WHAT YOU ARE ASKED TO DO. From the data, copy out every line in which the word "through" appears.

MATERIAL TO PROCESS.

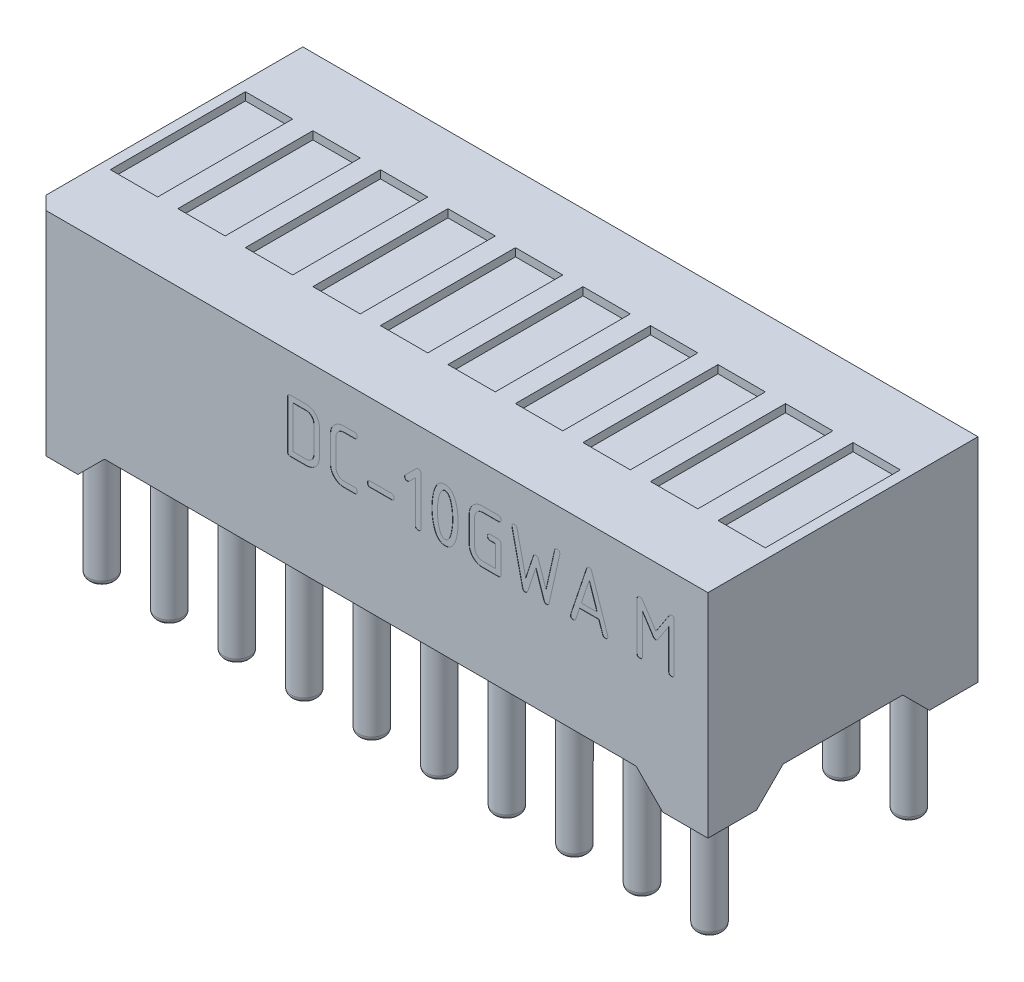
from build123d import *

# Parameters (mm, degrees)
SKETCH_1_W                 = 25.4
SKETCH_1_H                 = 10.16
EXTRUDE_1_DEPTH            = 8
SKETCH_2_W                 = 4.5
SKETCH_2_H                 = 2
CUT_EXTRUDE_1_DEPTH        = 28.110263739
CHAMFER_1_SIZE             = 1
SKETCH_3_W                 = 20
SKETCH_3_H                 = 2
CUT_EXTRUDE_2_DEPTH        = 19.12499931
CHAMFER_2_SIZE             = 1
SKETCH_4_W                 = 1.78
SKETCH_4_H                 = 5.08
CUT_EXTRUDE_3_DEPTH        = 0.3
PATTERN_LINEAR_1_COUNT     = 6
PATTERN_LINEAR_1_PITCH     = 2.54
PATTERN_LINEAR_1_COL_COUNT = 5
PATTERN_LINEAR_1_COL_PITCH = 2.54
SKETCH_5_R                 = 0.5
EXTRUDE_2_DEPTH            = 5.2
PATTERN_LINEAR_2_COUNT     = 6
PATTERN_LINEAR_2_PITCH     = 2.54
PATTERN_LINEAR_2_COL_COUNT = 5
PATTERN_LINEAR_2_COL_PITCH = 2.54
FILLET_1_R                 = 0.2
CHAMFER_3_SIZE             = 0.5
CUT_EXTRUDE_4_DEPTH        = 0.01


with BuildPart() as part:
    # Эскиз1 → Бобышка-Вытянуть1 (new body)
    with BuildSketch(Plane(origin=(0, 0, 0), x_dir=(1, 0, 0), z_dir=(0, 1, 0))):
        Rectangle(SKETCH_1_W, SKETCH_1_H)
    extrude(amount=EXTRUDE_1_DEPTH)

    # Эскиз2 → Вырез-Вытянуть1 (cut, through all)
    with BuildSketch(Plane(origin=(12.7, 0, 0), x_dir=(0, 0, -1), z_dir=(1, 0, 0))):
        Rectangle(SKETCH_2_W, SKETCH_2_H)
    extrude(amount=-CUT_EXTRUDE_1_DEPTH, mode=Mode.SUBTRACT)

    # Фаска1
    chamfer_1_edges = [part.edges().sort_by_distance(p)[0] for p in [
        (0, 0, -2.25),
        (0, 0, 2.25),
    ]]
    chamfer(chamfer_1_edges, length=CHAMFER_1_SIZE - 0.0001)  # a hair under: the kernel refuses the full size

    # Эскиз3 → Вырез-Вытянуть2 (cut, through all)
    with BuildSketch(Plane(origin=(0, 0, -5.08), x_dir=(-1, 0, 0), z_dir=(0, 0, -1))):
        Rectangle(SKETCH_3_W, SKETCH_3_H)
    extrude(amount=-CUT_EXTRUDE_2_DEPTH, mode=Mode.SUBTRACT)

    # Фаска2
    chamfer_2_edges = [part.edges().sort_by_distance(p)[0] for p in [
        (-10, 0, 4.16495),
        (10, 0, 4.16495),
        (-10, 0, -4.16495),
        (10, 0, -4.16495),
    ]]
    chamfer(chamfer_2_edges, length=CHAMFER_2_SIZE - 0.0001)  # a hair under: the kernel refuses the full size

    # Эскиз4 → Вырез-Вытянуть3 (cut)
    with BuildSketch(Plane(origin=(0, 8, 0), x_dir=(1, 0, 0), z_dir=(0, 1, 0))):
        with Locations((1.27, 0)):
            Rectangle(SKETCH_4_W, SKETCH_4_H)
    cut_extrude_3 = extrude(amount=-CUT_EXTRUDE_3_DEPTH, mode=Mode.SUBTRACT)

    # Линейный массив1: Вырез-Вытянуть3 ×6
    with Locations(*[(-i * PATTERN_LINEAR_1_PITCH, 0, 0) for i in range(1, PATTERN_LINEAR_1_COUNT)]):
        add(cut_extrude_3, mode=Mode.SUBTRACT)

    # Линейный массив1 col: Вырез-Вытянуть3 ×5
    with Locations(*[(i * PATTERN_LINEAR_1_COL_PITCH, 0, 0) for i in range(1, PATTERN_LINEAR_1_COL_COUNT)]):
        add(cut_extrude_3, mode=Mode.SUBTRACT)

    # Эскиз5 → Бобышка-Вытянуть2 (add)
    with BuildSketch(Plane.XZ.offset(-1)):
        with Locations(Location((-1.27, 3.75, 0), (0, 0, 90))):
            Circle(SKETCH_5_R)
        with Locations(Location((-1.27, -3.75, 0), (0, 0, 90))):
            Circle(SKETCH_5_R)
    extrude_2 = extrude(amount=EXTRUDE_2_DEPTH)

    # Линейный массив2: Бобышка-Вытянуть2 ×6
    with Locations(*[(i * PATTERN_LINEAR_2_PITCH, 0, 0) for i in range(1, PATTERN_LINEAR_2_COUNT)]):
        add(extrude_2)

    # Линейный массив2 col: Бобышка-Вытянуть2 ×5
    with Locations(*[(-i * PATTERN_LINEAR_2_COL_PITCH, 0, 0) for i in range(1, PATTERN_LINEAR_2_COL_COUNT)]):
        add(extrude_2)

    # Скругление1
    fillet_1_edges = [part.edges().sort_by_distance(p)[0] for p in [
        (-1.27, -4.2, 3.25),
        (-1.27, -4.2, -4.25),
        (-3.81, -4.2, 3.25),
        (-3.81, -4.2, -4.25),
        (-6.35, -4.2, 3.25),
        (-6.35, -4.2, -4.25),
        (-8.89, -4.2, 3.25),
        (-8.89, -4.2, -4.25),
        (-11.43, -4.2, 3.25),
        (-11.43, -4.2, -4.25),
        (1.27, -4.2, 3.25),
        (1.27, -4.2, -4.25),
        (3.81, -4.2, 3.25),
        (3.81, -4.2, -4.25),
        (6.35, -4.2, 3.25),
        (6.35, -4.2, -4.25),
        (8.89, -4.2, 3.25),
        (8.89, -4.2, -4.25),
        (11.43, -4.2, 3.25),
        (11.43, -4.2, -4.25),
    ]]
    fillet(fillet_1_edges, radius=FILLET_1_R)

    # Фаска3
    chamfer_3_edges = [part.edges().sort_by_distance(p)[0] for p in [
        (-12.7, 4, 5.08),
    ]]
    chamfer(chamfer_3_edges, length=CHAMFER_3_SIZE)

    # Эскиз6 → Вырез-Вытянуть4 (cut)
    # profile 1 of 9: a face of its own
    with BuildSketch(Plane.XY.offset(5.08)):
        with BuildLine():
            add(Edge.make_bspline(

EXERCISE OUTPUT.
    # Эскиз2 → Вырез-Вытянуть1 (cut, through all)
    # Эскиз3 → Вырез-Вытянуть2 (cut, through all)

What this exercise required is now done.